(Saved data entries)
....................
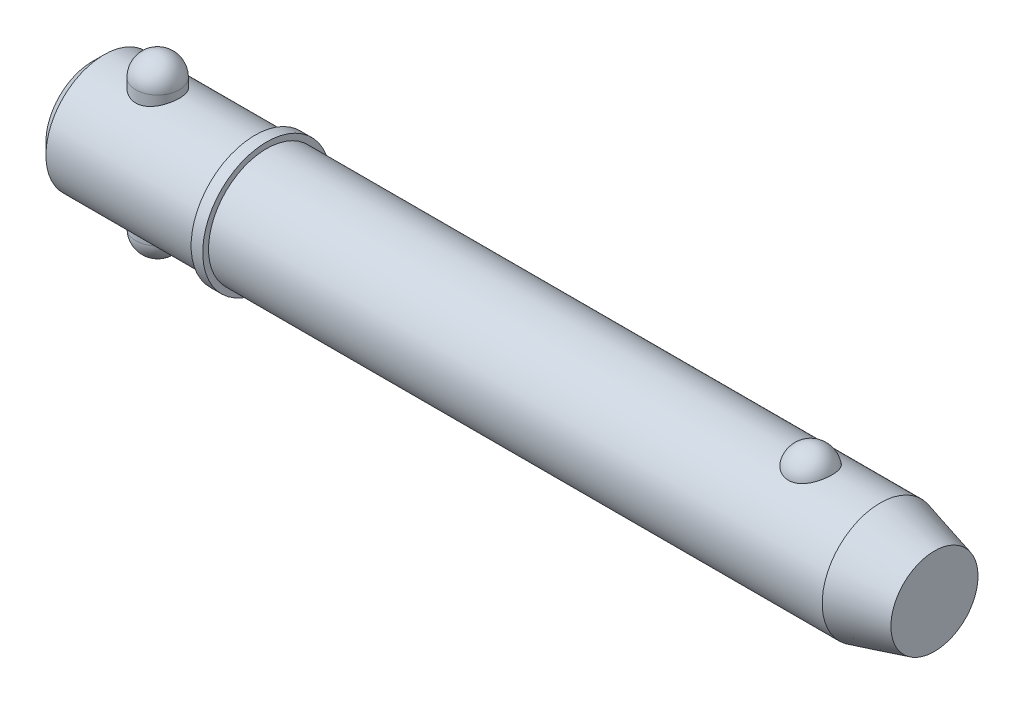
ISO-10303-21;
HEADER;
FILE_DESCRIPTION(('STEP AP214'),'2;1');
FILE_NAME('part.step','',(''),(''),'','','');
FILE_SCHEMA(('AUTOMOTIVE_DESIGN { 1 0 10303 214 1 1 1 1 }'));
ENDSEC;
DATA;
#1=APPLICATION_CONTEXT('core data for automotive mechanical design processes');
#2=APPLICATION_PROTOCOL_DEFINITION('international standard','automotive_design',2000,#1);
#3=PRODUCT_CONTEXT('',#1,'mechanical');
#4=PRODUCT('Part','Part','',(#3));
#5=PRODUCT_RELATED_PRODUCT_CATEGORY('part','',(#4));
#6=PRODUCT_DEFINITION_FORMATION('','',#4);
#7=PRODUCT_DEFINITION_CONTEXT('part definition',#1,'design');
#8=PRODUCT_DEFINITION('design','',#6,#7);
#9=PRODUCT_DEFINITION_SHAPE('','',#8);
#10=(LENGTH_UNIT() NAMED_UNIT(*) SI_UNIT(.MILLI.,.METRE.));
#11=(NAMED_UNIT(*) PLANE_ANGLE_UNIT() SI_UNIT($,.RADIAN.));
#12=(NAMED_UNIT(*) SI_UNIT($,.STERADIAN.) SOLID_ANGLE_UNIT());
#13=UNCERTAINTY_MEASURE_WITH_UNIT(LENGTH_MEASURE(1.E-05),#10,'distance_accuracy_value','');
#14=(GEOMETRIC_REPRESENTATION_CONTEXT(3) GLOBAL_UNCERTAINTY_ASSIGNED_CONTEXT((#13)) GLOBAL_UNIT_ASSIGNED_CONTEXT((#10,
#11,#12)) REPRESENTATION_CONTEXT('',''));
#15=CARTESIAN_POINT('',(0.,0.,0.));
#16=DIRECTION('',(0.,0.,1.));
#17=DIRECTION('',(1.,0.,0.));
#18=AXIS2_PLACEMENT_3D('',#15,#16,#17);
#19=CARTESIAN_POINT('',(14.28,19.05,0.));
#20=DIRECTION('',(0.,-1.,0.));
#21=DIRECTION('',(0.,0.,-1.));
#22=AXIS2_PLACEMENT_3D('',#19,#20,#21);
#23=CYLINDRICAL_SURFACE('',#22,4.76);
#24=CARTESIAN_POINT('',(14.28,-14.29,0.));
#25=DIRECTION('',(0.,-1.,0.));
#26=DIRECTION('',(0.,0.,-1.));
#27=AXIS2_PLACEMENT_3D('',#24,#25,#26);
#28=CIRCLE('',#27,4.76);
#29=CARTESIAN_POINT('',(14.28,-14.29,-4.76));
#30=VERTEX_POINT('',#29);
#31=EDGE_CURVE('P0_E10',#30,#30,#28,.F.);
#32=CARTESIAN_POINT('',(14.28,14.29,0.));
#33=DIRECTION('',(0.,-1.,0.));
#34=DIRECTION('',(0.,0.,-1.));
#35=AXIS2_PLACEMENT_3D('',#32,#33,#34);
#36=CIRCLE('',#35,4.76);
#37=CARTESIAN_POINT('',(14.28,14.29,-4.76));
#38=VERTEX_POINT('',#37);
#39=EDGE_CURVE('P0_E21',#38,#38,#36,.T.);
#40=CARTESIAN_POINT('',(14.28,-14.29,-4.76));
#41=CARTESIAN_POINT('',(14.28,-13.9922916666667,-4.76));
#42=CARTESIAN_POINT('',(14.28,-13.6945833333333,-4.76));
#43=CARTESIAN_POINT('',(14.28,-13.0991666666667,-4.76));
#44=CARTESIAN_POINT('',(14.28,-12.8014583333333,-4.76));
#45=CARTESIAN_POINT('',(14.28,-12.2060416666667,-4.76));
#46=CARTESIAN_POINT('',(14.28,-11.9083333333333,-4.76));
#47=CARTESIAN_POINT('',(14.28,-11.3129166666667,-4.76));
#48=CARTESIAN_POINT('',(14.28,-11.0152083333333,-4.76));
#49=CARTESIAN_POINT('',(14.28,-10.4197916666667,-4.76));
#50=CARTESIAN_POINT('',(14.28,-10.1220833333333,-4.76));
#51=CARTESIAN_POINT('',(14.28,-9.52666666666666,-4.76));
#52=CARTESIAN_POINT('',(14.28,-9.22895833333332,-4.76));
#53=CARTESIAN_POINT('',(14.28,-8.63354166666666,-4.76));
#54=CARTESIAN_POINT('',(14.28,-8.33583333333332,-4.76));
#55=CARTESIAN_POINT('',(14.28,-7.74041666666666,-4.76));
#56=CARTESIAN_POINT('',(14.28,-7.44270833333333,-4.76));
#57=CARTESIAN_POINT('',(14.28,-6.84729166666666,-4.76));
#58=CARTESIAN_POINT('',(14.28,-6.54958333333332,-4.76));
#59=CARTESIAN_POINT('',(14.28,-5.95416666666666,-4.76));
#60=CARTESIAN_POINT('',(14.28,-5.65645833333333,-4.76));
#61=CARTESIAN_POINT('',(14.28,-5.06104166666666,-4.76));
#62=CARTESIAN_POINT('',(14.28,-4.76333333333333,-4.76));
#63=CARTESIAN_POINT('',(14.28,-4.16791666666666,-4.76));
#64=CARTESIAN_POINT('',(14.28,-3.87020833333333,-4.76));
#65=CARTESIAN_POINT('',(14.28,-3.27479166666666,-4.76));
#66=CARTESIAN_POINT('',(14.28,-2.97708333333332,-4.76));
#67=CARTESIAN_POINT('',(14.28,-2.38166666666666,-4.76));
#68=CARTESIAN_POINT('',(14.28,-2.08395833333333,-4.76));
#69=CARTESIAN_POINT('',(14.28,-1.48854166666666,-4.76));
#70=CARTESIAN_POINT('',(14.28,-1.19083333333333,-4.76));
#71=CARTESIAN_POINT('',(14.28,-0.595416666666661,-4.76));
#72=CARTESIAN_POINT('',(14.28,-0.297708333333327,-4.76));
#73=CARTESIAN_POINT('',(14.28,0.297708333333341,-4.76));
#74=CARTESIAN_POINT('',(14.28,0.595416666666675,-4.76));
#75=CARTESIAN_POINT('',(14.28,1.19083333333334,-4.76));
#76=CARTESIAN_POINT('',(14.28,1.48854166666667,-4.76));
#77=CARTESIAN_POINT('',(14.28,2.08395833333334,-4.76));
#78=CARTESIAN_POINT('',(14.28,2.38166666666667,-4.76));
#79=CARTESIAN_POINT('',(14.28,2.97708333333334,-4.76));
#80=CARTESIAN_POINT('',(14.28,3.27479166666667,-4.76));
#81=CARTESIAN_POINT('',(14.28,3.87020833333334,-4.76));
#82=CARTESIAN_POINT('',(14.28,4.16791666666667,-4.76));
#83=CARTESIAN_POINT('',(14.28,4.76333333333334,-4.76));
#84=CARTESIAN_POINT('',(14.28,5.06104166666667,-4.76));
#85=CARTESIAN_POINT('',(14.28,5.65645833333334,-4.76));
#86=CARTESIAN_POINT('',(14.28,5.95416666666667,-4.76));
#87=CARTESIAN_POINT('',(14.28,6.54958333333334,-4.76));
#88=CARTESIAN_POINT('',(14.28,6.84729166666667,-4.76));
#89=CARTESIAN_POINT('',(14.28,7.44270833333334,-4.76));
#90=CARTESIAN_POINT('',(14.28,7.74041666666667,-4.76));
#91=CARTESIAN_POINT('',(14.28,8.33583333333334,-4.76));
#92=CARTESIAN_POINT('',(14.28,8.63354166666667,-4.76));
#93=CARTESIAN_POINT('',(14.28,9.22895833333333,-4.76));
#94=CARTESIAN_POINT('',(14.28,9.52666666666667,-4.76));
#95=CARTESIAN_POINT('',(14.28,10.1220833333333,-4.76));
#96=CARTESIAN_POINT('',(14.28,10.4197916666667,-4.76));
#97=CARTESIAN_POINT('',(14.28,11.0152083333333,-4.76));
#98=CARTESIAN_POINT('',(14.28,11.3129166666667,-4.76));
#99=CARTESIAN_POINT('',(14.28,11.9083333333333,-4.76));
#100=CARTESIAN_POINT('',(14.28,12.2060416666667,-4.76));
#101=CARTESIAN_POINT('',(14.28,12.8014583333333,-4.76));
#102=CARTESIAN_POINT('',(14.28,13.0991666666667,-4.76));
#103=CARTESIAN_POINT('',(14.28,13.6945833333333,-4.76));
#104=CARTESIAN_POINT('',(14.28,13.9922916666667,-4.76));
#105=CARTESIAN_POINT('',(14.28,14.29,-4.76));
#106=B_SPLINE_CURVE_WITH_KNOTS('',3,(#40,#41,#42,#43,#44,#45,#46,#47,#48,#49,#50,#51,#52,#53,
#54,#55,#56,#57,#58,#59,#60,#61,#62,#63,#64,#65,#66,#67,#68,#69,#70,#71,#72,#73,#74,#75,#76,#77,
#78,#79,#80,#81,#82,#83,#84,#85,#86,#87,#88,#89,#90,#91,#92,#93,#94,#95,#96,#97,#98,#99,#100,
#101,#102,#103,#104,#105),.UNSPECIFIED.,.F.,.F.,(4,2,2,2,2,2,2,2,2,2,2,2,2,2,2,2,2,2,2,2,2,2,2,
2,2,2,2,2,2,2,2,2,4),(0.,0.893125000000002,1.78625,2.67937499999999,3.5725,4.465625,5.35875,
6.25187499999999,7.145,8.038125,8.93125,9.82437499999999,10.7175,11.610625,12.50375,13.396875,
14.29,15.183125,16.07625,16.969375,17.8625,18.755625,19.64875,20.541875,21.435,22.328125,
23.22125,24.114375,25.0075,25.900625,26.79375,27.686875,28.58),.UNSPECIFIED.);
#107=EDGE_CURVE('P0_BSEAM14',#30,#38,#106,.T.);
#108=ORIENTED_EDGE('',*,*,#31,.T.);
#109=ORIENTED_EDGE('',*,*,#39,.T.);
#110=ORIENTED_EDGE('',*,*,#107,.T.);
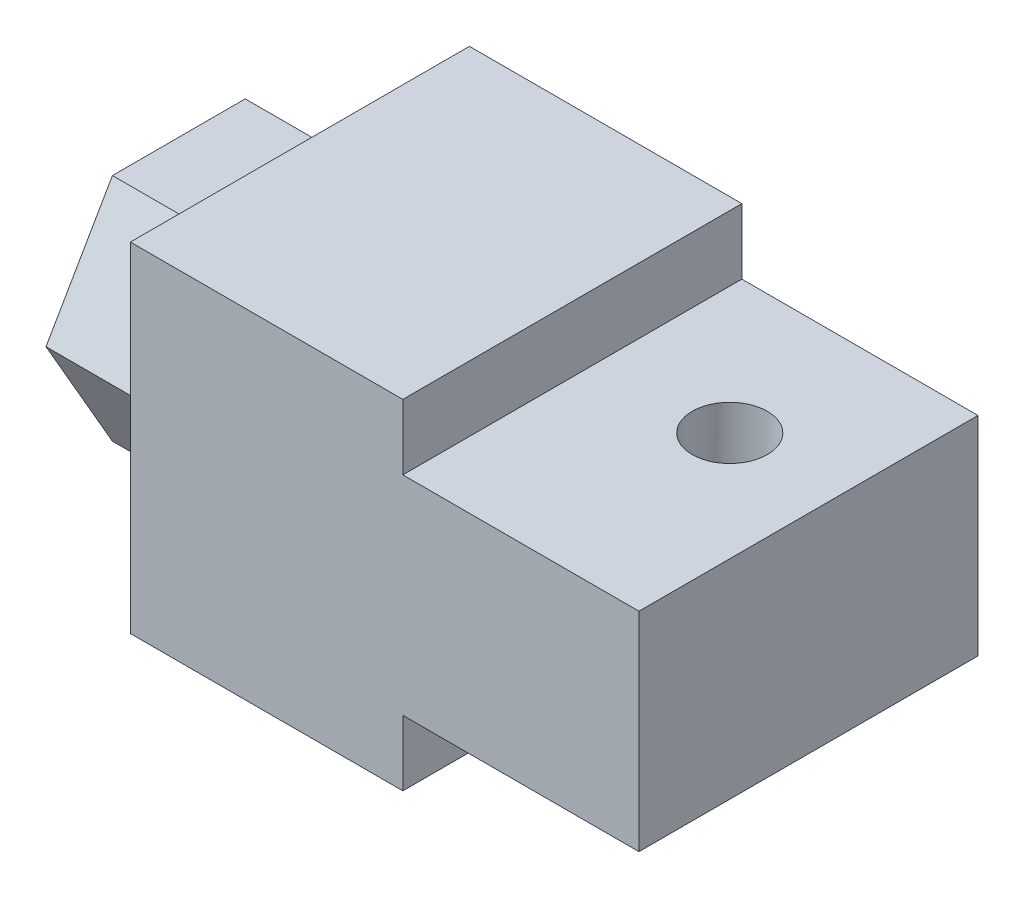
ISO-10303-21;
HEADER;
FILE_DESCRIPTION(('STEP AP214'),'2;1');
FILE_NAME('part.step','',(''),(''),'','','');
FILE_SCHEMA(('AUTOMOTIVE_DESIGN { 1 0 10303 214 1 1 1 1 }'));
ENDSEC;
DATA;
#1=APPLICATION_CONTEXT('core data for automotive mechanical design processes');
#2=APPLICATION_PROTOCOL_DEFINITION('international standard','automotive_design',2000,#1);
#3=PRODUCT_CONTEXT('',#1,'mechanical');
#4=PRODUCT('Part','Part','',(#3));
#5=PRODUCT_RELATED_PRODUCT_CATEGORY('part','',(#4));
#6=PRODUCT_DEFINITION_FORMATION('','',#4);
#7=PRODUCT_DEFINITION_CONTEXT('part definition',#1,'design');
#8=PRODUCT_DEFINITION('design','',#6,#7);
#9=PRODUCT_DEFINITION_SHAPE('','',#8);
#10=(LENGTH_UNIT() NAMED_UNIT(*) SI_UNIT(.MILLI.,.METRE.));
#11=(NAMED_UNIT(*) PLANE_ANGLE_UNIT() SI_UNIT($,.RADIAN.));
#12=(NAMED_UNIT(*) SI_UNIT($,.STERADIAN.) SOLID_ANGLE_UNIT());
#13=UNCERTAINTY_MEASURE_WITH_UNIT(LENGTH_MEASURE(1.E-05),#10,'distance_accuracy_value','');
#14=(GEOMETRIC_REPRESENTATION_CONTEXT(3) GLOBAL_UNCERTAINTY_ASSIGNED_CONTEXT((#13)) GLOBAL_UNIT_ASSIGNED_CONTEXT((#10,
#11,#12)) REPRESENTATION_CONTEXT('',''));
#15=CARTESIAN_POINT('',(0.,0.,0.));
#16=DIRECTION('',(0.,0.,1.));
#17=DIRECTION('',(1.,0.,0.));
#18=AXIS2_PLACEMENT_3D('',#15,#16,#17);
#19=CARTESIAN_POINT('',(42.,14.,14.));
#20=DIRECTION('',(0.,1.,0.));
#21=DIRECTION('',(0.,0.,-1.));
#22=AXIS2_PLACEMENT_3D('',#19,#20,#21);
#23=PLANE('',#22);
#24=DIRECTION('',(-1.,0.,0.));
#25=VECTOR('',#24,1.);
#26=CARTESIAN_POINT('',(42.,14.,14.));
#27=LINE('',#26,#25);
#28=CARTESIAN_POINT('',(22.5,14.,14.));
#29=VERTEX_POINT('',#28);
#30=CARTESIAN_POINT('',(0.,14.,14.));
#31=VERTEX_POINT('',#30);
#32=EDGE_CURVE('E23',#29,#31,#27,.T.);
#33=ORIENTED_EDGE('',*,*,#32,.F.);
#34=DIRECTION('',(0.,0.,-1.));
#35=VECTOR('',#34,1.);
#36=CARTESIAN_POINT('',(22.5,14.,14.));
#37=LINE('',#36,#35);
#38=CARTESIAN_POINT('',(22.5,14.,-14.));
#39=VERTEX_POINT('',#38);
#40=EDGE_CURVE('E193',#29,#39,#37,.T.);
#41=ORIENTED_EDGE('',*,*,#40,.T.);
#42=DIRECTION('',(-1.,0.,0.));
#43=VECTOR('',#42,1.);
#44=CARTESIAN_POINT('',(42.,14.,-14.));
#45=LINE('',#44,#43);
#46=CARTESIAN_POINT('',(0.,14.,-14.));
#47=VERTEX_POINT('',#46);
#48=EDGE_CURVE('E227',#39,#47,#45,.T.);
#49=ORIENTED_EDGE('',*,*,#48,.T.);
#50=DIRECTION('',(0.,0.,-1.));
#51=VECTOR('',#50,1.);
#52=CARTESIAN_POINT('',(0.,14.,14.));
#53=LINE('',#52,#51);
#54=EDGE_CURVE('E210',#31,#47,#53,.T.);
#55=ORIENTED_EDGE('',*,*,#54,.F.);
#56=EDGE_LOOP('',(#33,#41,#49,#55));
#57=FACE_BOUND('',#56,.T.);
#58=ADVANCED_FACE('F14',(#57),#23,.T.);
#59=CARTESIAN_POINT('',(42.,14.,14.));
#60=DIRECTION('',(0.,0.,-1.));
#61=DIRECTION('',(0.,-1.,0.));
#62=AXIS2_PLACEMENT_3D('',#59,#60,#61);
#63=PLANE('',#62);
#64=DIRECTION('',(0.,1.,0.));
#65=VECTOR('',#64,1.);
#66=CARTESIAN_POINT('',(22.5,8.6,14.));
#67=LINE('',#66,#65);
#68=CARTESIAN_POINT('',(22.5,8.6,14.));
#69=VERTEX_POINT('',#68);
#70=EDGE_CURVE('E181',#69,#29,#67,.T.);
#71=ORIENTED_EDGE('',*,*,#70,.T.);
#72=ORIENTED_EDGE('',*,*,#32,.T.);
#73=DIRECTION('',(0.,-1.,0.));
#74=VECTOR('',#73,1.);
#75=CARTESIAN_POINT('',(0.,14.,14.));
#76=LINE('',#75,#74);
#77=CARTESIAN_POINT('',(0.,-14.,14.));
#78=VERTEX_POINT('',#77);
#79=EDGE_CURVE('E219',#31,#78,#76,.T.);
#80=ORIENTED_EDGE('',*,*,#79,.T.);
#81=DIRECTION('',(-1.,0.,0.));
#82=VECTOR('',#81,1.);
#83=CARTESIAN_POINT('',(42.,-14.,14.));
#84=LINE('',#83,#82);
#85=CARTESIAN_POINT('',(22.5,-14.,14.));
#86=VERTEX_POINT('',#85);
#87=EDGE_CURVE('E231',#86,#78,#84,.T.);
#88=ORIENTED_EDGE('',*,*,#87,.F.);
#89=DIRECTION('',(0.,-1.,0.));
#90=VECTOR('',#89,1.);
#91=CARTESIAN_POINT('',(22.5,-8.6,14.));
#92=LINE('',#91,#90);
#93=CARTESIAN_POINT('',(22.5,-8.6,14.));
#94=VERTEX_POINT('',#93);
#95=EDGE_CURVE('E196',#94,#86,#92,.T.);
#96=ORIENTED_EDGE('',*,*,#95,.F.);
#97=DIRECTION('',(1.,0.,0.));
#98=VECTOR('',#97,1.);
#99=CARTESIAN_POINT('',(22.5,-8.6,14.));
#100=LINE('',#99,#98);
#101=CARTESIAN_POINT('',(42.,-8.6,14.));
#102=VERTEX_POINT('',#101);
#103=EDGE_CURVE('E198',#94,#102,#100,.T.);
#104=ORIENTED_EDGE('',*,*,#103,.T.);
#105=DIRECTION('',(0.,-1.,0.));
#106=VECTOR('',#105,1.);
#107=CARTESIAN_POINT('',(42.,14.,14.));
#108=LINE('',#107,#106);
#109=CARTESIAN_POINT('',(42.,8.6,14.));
....................
§ **Exercise prompt**
Nothing but the lines from the one with "#105=DIRECTION('',(0.,-1.,0.));" through the last line of the data should appear; print them exactly.

§ **Result for this exercise**
#105=DIRECTION('',(0.,-1.,0.));
#106=VECTOR('',#105,1.);
#107=CARTESIAN_POINT('',(42.,14.,14.));
#108=LINE('',#107,#106);
#109=CARTESIAN_POINT('',(42.,8.6,14.));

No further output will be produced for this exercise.